TASK DETAILS
From the records below, extract only the lines running from the line with "Gain/1 -> Product/1" to the line with "Add/1 -> B2_out/1", both lines included, reproducing them exactly.

DATA TO USE

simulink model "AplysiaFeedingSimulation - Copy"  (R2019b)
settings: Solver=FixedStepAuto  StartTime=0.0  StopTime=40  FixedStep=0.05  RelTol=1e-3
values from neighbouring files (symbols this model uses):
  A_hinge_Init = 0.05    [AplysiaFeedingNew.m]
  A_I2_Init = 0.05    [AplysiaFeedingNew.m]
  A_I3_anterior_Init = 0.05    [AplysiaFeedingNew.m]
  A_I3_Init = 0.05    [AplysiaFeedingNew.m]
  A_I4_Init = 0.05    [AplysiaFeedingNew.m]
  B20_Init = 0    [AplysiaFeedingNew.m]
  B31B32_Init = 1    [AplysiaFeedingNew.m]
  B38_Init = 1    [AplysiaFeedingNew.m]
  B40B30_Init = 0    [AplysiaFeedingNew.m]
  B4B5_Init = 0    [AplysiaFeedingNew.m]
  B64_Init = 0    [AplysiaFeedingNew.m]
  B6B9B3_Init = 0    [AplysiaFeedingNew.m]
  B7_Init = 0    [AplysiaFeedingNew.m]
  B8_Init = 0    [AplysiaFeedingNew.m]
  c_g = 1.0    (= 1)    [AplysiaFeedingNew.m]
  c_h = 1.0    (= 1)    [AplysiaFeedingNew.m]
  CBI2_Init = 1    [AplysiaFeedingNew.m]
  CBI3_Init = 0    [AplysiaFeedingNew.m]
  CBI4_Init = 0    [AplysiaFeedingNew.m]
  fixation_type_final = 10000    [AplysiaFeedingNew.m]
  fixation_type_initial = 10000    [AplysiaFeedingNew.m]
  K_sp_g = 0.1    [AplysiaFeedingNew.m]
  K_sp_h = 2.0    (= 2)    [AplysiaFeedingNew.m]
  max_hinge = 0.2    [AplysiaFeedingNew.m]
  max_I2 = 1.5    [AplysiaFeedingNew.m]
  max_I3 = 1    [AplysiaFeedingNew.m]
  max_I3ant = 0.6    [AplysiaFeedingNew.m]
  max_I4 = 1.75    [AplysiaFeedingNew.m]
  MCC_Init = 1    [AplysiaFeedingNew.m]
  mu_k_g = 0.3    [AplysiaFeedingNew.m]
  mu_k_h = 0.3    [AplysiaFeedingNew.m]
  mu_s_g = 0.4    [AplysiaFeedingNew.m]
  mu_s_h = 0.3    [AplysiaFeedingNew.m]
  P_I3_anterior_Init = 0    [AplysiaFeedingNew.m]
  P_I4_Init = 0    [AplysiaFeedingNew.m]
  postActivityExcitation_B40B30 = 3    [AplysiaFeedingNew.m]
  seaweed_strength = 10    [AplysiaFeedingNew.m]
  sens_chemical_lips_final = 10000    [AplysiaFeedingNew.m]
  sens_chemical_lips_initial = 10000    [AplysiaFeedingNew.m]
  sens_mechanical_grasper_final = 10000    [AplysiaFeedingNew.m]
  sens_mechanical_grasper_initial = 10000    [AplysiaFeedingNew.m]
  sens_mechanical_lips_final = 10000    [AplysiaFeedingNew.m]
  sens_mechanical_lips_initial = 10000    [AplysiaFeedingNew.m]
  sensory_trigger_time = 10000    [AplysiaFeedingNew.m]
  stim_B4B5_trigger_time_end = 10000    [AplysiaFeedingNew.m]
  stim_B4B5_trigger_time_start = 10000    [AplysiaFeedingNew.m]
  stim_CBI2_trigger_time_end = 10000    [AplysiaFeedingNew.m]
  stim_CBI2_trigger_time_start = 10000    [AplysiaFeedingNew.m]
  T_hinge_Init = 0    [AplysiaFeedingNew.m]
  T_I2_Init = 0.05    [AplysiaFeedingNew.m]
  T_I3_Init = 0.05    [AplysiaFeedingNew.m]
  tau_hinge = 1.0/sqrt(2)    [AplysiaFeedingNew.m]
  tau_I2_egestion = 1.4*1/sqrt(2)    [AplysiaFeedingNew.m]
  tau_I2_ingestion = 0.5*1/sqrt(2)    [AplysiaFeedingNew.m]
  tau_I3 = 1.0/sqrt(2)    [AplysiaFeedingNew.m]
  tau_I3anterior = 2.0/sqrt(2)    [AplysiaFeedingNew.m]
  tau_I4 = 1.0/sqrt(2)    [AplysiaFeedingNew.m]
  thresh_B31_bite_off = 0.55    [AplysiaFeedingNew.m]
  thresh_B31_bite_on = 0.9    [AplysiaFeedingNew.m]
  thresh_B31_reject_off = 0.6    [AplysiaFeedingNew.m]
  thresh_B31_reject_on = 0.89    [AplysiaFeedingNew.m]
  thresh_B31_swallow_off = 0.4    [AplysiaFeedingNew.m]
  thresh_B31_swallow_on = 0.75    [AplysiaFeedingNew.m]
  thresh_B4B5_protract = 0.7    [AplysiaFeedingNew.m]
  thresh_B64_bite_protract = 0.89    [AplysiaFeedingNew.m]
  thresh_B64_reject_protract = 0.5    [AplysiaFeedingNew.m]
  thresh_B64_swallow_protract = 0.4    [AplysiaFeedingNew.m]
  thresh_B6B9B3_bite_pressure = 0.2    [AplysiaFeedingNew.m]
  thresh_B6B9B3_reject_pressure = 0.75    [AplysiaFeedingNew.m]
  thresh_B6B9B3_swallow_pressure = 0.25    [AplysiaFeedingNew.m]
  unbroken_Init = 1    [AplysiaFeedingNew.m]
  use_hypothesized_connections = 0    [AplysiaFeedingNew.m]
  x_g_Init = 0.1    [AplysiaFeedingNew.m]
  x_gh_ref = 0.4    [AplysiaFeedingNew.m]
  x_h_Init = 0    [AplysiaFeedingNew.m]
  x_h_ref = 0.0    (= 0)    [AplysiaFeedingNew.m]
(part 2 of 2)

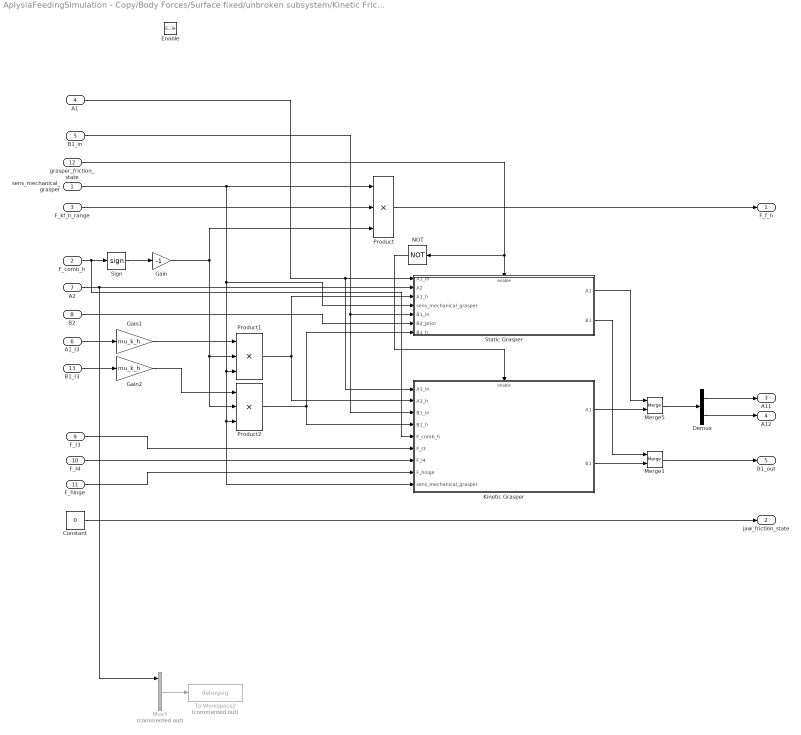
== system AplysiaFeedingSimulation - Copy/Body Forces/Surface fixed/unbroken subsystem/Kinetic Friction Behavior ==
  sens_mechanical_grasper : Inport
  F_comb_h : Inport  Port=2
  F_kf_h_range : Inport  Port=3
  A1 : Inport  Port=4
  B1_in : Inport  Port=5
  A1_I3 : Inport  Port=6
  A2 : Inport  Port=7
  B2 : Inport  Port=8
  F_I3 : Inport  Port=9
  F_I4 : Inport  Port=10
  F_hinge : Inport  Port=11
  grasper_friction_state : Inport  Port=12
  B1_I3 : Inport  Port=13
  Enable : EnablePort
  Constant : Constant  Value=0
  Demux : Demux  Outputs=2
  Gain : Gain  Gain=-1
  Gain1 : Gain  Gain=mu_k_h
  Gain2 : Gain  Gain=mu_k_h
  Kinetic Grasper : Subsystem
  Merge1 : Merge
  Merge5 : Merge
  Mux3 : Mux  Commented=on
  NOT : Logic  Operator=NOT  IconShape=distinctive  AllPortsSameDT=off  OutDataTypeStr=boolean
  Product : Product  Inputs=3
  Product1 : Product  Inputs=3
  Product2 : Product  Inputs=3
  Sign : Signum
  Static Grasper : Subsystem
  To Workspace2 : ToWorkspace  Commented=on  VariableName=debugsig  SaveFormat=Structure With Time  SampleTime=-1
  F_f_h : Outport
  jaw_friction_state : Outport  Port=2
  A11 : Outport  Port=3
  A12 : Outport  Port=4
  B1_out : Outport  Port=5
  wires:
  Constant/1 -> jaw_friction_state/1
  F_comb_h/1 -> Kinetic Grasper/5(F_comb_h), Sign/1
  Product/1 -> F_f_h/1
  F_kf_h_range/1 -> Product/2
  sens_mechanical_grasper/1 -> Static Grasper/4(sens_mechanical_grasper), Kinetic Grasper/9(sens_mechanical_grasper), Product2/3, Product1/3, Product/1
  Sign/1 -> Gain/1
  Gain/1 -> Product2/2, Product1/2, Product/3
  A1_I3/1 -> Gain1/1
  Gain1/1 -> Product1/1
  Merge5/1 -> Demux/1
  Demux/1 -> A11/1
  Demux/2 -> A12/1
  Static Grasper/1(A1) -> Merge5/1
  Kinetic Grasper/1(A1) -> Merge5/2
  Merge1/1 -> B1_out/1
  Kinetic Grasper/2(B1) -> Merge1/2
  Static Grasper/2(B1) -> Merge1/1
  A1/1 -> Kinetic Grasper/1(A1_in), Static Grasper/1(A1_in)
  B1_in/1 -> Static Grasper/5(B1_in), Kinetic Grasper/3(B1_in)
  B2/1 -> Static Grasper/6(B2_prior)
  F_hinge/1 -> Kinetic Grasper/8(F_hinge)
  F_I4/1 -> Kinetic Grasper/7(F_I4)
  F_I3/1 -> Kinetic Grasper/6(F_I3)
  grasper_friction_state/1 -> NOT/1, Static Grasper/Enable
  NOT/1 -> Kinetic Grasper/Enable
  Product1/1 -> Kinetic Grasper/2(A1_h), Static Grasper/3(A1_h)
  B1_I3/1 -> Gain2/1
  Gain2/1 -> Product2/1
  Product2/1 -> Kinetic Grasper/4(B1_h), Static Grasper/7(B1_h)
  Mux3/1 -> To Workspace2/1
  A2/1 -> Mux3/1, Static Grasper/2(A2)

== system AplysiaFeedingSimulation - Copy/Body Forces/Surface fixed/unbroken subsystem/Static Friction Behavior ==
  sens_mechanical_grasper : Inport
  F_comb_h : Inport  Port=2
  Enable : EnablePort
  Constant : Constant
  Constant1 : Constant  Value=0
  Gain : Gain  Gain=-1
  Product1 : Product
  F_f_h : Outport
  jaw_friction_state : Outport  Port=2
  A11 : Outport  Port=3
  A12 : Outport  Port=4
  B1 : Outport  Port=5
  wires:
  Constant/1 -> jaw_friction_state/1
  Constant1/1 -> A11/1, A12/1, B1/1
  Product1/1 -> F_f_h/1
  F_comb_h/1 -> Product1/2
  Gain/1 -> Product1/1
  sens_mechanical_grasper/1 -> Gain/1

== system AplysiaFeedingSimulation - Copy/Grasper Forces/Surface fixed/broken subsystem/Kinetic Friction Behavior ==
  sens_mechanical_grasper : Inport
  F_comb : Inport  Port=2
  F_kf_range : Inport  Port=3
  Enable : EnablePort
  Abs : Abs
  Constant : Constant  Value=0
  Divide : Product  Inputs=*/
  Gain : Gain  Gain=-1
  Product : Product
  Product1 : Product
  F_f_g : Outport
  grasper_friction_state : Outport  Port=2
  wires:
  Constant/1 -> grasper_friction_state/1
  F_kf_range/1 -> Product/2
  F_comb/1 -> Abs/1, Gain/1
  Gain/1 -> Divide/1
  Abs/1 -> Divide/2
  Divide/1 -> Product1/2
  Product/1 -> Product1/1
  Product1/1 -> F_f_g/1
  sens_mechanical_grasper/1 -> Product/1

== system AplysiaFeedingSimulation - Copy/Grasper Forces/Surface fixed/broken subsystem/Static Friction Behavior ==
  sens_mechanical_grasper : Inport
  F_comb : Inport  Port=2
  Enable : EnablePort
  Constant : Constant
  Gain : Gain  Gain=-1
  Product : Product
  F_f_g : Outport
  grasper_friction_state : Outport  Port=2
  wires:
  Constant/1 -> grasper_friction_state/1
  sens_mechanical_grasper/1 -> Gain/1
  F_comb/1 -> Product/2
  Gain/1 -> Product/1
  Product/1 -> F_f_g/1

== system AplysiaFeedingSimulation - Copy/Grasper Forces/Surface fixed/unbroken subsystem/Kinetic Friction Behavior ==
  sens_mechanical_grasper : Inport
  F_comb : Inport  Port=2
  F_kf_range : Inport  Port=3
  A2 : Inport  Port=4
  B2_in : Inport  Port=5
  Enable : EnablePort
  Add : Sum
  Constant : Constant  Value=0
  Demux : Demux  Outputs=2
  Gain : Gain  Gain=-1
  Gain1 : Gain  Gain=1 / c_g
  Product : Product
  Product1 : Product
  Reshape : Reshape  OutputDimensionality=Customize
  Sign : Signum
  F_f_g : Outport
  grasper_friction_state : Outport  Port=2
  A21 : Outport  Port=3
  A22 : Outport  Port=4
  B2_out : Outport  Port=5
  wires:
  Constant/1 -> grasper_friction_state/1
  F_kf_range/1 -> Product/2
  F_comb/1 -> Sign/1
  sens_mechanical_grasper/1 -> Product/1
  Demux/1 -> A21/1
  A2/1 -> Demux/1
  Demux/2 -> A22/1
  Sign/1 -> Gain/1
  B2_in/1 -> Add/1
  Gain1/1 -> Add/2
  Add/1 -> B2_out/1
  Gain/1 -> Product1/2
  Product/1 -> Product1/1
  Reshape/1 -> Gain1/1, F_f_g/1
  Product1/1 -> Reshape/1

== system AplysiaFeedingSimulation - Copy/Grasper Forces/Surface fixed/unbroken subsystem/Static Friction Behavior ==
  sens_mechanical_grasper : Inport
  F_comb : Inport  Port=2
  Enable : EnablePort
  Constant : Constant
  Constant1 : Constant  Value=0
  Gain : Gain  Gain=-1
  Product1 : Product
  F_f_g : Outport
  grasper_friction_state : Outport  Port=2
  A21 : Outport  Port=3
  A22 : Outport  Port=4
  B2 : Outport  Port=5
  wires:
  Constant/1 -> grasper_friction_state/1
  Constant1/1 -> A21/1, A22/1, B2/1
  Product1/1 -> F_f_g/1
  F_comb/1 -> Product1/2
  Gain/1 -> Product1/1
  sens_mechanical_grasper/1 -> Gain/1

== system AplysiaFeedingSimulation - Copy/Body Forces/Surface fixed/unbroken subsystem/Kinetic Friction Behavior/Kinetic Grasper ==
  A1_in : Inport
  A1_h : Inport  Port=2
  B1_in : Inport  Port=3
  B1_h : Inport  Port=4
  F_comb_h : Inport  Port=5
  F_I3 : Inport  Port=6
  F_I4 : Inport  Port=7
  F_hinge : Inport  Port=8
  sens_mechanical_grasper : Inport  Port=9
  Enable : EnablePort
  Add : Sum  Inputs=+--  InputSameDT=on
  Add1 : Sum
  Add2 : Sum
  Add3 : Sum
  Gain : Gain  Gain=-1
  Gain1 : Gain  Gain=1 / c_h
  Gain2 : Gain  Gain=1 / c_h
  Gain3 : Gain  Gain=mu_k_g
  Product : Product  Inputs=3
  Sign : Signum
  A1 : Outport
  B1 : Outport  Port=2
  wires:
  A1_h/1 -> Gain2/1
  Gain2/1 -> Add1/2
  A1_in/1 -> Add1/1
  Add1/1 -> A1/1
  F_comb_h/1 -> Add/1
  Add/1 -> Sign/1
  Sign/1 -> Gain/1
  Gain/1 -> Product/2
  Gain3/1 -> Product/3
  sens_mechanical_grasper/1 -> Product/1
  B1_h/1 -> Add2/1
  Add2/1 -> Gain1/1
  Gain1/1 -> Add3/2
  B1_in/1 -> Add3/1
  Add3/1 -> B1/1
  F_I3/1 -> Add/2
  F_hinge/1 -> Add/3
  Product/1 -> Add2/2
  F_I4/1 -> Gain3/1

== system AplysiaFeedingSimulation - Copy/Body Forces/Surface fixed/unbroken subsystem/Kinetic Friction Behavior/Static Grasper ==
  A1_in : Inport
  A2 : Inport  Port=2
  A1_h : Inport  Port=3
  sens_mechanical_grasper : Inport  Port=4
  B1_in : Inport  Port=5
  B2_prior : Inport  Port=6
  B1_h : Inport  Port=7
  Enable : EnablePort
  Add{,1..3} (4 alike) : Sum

EXERCISE OUTPUT
  Gain/1 -> Product/1
  Product/1 -> F_f_g/1

== system AplysiaFeedingSimulation - Copy/Grasper Forces/Surface fixed/unbroken subsystem/Kinetic Friction Behavior ==
  sens_mechanical_grasper : Inport
  F_comb : Inport  Port=2
  F_kf_range : Inport  Port=3
  A2 : Inport  Port=4
  B2_in : Inport  Port=5
  Enable : EnablePort
  Add : Sum
  Constant : Constant  Value=0
  Demux : Demux  Outputs=2
  Gain : Gain  Gain=-1
  Gain1 : Gain  Gain=1 / c_g
  Product : Product
  Product1 : Product
  Reshape : Reshape  OutputDimensionality=Customize
  Sign : Signum
  F_f_g : Outport
  grasper_friction_state : Outport  Port=2
  A21 : Outport  Port=3
  A22 : Outport  Port=4
  B2_out : Outport  Port=5
  wires:
  Constant/1 -> grasper_friction_state/1
  F_kf_range/1 -> Product/2
  F_comb/1 -> Sign/1
  sens_mechanical_grasper/1 -> Product/1
  Demux/1 -> A21/1
  A2/1 -> Demux/1
  Demux/2 -> A22/1
  Sign/1 -> Gain/1
  B2_in/1 -> Add/1
  Gain1/1 -> Add/2
  Add/1 -> B2_out/1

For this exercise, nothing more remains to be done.